Appearance
To capture a site with Conifer, create a collection, start a Capture session against your seed URL, then browse the page like a normal user — every request your browser makes is recorded into a WARC you can later export and replay. Conifer's strength is human-driven, high-fidelity capture of interactive pages that defeat automated crawlers, and this guide walks the full workflow from account to exported WARC.
What is Conifer best at?
Conifer (maintained by Rhizome, the successor to the original Webrecorder hosted service) records exactly what a real browser fetches while a person operates it. That makes it the right tool when content only appears after interaction: a logged-in dashboard, an infinite-scroll timeline, a lightbox gallery, or an embedded media player that lazy-loads streams. An unattended crawler typically skips those; Conifer captures them because you trigger them.
How do I set up a collection and a capture session?
- Sign in and create a collection — the container for related captures, e.g. "regional-news-2024".
- Click New Capture and paste the seed URL.
- Pick a browser/recording environment and start the session.
- Browse deliberately: scroll to the bottom, open each tab, expand accordions, play one video for a few seconds, click "load more".
- Stop the session. Conifer writes the WARC and lists the recorded pages.
The cardinal rule: if you do not visit a resource during the session, it is not in the archive. Conifer records traffic, not the abstract "whole site".
How do I capture interactive and logged-in pages?
For a page behind authentication, log in inside the capture session so the login traffic and resulting cookies are part of the recording context. Then exercise the features you need preserved. For scroll-to-load feeds, scroll slowly to the end and pause so each batch of requests completes before you move on.
text
Session checklist for a dynamic page:
[ ] Scrolled fully to the bottom (triggered all lazy loads)
[ ] Opened every navigation tab once
[ ] Played embedded media for ~3-5 seconds
[ ] Submitted/expanded any in-page widgets you must preserve
[ ] Confirmed page count rose in the Conifer sidebarWhat is Patch mode and when do I use it?
Patch mode is Conifer's gap-filler. You replay a previously captured page, and Conifer records only the resources that are missing from the existing WARC. This is far cheaper than re-capturing from scratch and is the standard fix when a quality check reveals a broken image or an un-recorded API call. Workflow: open the page in Replay, switch to Patch, interact with the broken element, then stop.

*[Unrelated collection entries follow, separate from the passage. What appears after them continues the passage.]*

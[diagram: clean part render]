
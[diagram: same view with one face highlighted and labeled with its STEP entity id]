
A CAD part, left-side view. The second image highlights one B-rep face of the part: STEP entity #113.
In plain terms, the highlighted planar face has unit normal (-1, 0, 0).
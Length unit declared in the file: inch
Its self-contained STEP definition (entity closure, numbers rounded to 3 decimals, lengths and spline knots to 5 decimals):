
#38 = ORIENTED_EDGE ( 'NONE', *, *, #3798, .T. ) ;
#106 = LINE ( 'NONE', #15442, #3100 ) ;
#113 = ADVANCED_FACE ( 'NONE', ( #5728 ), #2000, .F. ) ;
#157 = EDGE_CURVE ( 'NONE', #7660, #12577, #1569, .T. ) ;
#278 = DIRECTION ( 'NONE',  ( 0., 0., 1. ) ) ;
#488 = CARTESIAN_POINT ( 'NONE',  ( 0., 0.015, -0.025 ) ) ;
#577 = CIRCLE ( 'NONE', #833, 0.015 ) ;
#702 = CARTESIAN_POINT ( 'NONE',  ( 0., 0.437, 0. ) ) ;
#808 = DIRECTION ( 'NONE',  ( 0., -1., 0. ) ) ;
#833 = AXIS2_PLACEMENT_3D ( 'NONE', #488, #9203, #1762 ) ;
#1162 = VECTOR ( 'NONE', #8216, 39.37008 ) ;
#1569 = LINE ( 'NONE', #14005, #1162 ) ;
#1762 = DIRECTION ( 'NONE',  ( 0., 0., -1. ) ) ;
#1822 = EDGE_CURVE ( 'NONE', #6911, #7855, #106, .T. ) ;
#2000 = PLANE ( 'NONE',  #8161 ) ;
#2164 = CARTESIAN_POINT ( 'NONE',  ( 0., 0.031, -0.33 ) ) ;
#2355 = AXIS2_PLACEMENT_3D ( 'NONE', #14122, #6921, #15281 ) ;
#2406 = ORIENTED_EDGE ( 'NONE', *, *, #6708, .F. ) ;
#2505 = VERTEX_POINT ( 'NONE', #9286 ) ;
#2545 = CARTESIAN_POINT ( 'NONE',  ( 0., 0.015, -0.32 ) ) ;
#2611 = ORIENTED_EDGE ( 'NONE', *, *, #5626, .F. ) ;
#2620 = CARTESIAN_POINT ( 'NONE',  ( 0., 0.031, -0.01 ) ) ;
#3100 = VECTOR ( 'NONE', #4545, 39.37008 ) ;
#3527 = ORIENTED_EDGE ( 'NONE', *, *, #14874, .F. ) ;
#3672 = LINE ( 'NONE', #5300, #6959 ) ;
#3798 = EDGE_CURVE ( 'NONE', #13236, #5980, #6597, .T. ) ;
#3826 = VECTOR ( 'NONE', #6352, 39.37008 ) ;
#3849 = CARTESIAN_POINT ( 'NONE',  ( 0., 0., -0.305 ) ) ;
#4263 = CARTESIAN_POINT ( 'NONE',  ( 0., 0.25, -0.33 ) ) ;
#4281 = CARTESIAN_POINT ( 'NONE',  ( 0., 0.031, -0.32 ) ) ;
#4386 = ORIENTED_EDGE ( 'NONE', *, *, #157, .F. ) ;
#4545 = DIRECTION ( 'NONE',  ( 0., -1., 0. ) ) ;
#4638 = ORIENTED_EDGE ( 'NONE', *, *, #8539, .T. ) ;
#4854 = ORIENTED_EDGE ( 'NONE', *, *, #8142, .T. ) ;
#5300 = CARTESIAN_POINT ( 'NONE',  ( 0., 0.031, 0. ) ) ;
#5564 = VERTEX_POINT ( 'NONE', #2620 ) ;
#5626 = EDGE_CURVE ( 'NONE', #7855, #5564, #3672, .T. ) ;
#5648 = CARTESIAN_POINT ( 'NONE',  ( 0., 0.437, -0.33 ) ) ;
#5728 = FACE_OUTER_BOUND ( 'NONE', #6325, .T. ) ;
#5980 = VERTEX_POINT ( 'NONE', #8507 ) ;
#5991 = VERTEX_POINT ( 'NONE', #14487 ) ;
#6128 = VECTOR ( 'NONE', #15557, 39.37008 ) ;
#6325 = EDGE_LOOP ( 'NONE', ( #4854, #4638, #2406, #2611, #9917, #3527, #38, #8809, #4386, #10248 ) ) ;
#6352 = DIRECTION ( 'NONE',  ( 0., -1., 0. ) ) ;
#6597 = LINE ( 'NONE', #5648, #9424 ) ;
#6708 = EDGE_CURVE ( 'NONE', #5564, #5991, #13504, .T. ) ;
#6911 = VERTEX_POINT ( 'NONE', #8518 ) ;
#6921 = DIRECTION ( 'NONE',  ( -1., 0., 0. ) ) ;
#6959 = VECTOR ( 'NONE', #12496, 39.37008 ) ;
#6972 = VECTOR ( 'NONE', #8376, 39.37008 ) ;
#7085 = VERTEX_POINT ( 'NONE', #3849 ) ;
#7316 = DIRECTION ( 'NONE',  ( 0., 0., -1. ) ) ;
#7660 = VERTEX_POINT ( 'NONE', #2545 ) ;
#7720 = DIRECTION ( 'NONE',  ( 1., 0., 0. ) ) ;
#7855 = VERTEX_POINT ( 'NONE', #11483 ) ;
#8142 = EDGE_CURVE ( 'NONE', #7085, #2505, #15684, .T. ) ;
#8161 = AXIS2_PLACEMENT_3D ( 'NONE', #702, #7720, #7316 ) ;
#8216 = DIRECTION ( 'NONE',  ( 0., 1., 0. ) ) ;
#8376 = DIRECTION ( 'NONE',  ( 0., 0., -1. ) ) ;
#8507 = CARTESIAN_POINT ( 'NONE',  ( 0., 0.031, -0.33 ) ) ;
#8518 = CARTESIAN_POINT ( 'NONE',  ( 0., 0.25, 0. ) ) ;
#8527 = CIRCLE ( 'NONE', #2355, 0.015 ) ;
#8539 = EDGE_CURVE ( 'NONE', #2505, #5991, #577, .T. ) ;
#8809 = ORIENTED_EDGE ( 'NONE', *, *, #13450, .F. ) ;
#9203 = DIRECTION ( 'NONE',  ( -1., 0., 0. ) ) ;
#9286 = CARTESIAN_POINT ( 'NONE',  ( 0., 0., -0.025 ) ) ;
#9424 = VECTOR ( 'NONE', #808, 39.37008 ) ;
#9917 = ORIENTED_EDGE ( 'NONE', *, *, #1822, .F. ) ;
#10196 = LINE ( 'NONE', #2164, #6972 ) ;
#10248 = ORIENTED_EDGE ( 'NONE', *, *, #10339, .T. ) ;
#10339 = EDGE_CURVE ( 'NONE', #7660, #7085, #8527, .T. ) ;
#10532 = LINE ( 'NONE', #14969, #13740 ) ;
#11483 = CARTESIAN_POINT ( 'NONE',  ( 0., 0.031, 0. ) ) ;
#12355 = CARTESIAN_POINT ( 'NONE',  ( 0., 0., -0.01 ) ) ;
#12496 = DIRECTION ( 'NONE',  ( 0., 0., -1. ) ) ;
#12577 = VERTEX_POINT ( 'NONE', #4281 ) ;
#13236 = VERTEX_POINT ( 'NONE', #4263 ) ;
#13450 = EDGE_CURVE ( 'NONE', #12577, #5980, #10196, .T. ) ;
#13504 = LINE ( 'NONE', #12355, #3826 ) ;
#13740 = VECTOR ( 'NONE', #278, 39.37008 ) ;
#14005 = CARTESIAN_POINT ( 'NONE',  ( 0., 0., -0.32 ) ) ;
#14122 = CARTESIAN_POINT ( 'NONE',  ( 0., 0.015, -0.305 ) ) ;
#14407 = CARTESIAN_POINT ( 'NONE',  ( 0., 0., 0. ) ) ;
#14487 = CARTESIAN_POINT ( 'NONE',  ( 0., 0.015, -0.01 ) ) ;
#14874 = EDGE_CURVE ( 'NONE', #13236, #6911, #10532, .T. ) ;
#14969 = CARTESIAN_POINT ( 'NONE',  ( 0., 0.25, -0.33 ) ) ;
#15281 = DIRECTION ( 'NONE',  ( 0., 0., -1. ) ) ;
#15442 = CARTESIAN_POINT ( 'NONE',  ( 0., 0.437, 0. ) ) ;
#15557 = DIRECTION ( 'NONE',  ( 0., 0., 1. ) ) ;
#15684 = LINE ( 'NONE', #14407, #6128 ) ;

How do I export and verify the WARC?
From the collection page, choose Download to get standard WARC files. Verify them outside Conifer so you know the archive is portable:
bash
# Inspect record types and counts in an exported WARC
warcio index conifer-export.warc.gz -f warc-type,target-uri | head -20
# Replay locally to confirm fidelity, independent of Conifer
wb-manager init regional-news
wb-manager add regional-news conifer-export.warc.gz
wayback # then open http://localhost:8080If the page replays cleanly in pywb, your capture survives independently of the service.
Conifer vs. an automated crawler — which fits?
| Factor | Conifer | Browsertrix / automated |
|---|---|---|
| Interaction (logins, scroll) | Excellent | Limited without behaviors |
| Pages per hour | Low (human-paced) | High |
| Fidelity on hard pages | Very high | Variable |
| Scheduling / repeat crawls | Manual | Native |
| Best use | A few critical pages | Whole sites |
A common professional pattern is to crawl the bulk of a site automatically and use Conifer only for the dozen pages that need a human in the loop.
Key Takeaways
- Conifer records what you browse, so visit every resource you want preserved.
- It excels at interactive, logged-in and scroll-to-load pages that crawlers miss.
- Patch mode fills gaps cheaply by recording only missing resources during replay.
- Always export to standard WARC and verify replay in pywb to avoid lock-in.
- Capturing logged-in or paywalled content carries rights and ToS obligations.
- Pair Conifer with an automated crawler: bulk by crawler, hard pages by hand.
Frequently Asked Questions
What is Conifer and who maintains it?
Conifer is a hosted, interactive web-archiving service maintained by Rhizome, descended from the original Webrecorder.io. You browse pages in your account and it records them into WARCs you can export.
When should I use Conifer instead of an automated crawler?
Choose Conifer for pages that only render after human interaction — logins, scroll-to-load feeds, embedded video and complex forms — where an unattended crawler would miss content. For large static sites, an automated crawler is faster.
Can I export my captures out of Conifer?
Yes. Each collection can be downloaded as standard WARC files, so you are never locked in. You can replay those WARCs in pywb or ReplayWeb.page independently of the service.
Does Conifer capture logged-in or paywalled content?
It can, because you drive the browser yourself and log in during the session. Capturing such content raises rights and terms-of-service questions, so confirm you are permitted before archiving and before sharing the result.
What is the difference between Capture and Patch mode?
Capture mode records everything you visit fresh. Patch mode replays an existing session and only records resources that are missing, which is the standard way to fill gaps without re-capturing the whole page.